Directions for this task — Lift out each line of the data that holds "unit".

((

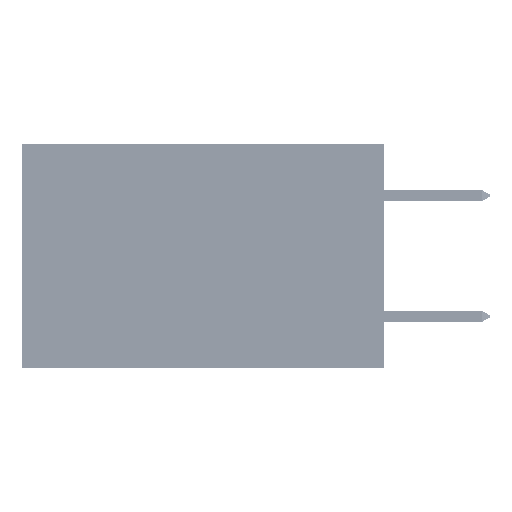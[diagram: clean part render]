
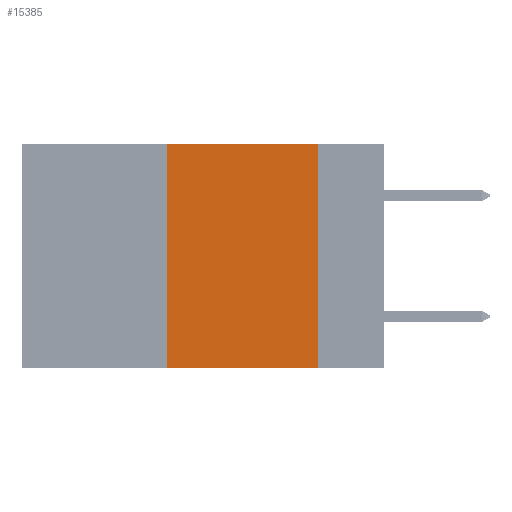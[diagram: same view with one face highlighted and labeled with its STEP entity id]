
A CAD part, left-side view. The second image highlights one B-rep face of the part: STEP entity #15385.
In plain terms, the highlighted planar face has unit normal (-1, 0, 0).
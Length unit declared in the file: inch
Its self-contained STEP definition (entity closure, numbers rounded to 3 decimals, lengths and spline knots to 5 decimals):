
#117 = DIRECTION ( 'NONE',  ( 0., -1., 0. ) ) ;
#1304 = VERTEX_POINT ( 'NONE', #19949 ) ;
#1637 = VECTOR ( 'NONE', #117, 39.37008 ) ;
#4799 = CARTESIAN_POINT ( 'NONE',  ( 0., 0.36, 0. ) ) ;
#6823 = VERTEX_POINT ( 'NONE', #13785 ) ;
#7294 = PLANE ( 'NONE',  #47409 ) ;
#9481 = CARTESIAN_POINT ( 'NONE',  ( 0., 0.11, 0. ) ) ;
#9770 = VECTOR ( 'NONE', #32968, 39.37008 ) ;
#10847 = EDGE_CURVE ( 'NONE', #1304, #6823, #27806, .T. ) ;
#11387 = CARTESIAN_POINT ( 'NONE',  ( 0., 0.6, 0. ) ) ;
#11663 = LINE ( 'NONE', #20306, #1637 ) ;
#12104 = VECTOR ( 'NONE', #35099, 39.37008 ) ;
#13784 = EDGE_LOOP ( 'NONE', ( #26839, #38727, #44188, #48357 ) ) ;
#13785 = CARTESIAN_POINT ( 'NONE',  ( 0., 0.36, 0. ) ) ;
#14635 = CARTESIAN_POINT ( 'NONE',  ( 0., 0.11, -0.37 ) ) ;
#15385 = ADVANCED_FACE ( 'NONE', ( #34382 ), #7294, .F. ) ;
#16405 = LINE ( 'NONE', #9481, #9770 ) ;
#19521 = LINE ( 'NONE', #27953, #12104 ) ;
#19949 = CARTESIAN_POINT ( 'NONE',  ( 0., 0.36, -0.37 ) ) ;
#20306 = CARTESIAN_POINT ( 'NONE',  ( 0., 0.6, 0. ) ) ;
#26839 = ORIENTED_EDGE ( 'NONE', *, *, #36463, .F. ) ;
#27806 = LINE ( 'NONE', #4799, #37290 ) ;
#27953 = CARTESIAN_POINT ( 'NONE',  ( 0., 0.6, -0.37 ) ) ;
#30073 = VERTEX_POINT ( 'NONE', #14635 ) ;
#32968 = DIRECTION ( 'NONE',  ( 0., 0., -1. ) ) ;
#33793 = CARTESIAN_POINT ( 'NONE',  ( 0., 0.11, 0. ) ) ;
#34382 = FACE_OUTER_BOUND ( 'NONE', #13784, .T. ) ;
#35099 = DIRECTION ( 'NONE',  ( 0., -1., 0. ) ) ;
#36209 = DIRECTION ( 'NONE',  ( 0., 0., 1. ) ) ;
#36463 = EDGE_CURVE ( 'NONE', #40971, #30073, #16405, .T. ) ;
#37290 = VECTOR ( 'NONE', #36209, 39.37008 ) ;
#38723 = DIRECTION ( 'NONE',  ( 0., 0., -1. ) ) ;
#38727 = ORIENTED_EDGE ( 'NONE', *, *, #48341, .F. ) ;
#40971 = VERTEX_POINT ( 'NONE', #33793 ) ;
#43570 = EDGE_CURVE ( 'NONE', #1304, #30073, #19521, .T. ) ;
#44188 = ORIENTED_EDGE ( 'NONE', *, *, #10847, .F. ) ;
#47409 = AXIS2_PLACEMENT_3D ( 'NONE', #11387, #50530, #38723 ) ;
#48341 = EDGE_CURVE ( 'NONE', #6823, #40971, #11663, .T. ) ;
#48357 = ORIENTED_EDGE ( 'NONE', *, *, #43570, .T. ) ;
#50530 = DIRECTION ( 'NONE',  ( 1., 0., 0. ) ) ;

))

Problem solution —
In plain terms, the highlighted planar face has unit normal (-1, 0, 0).
Length unit declared in the file: inch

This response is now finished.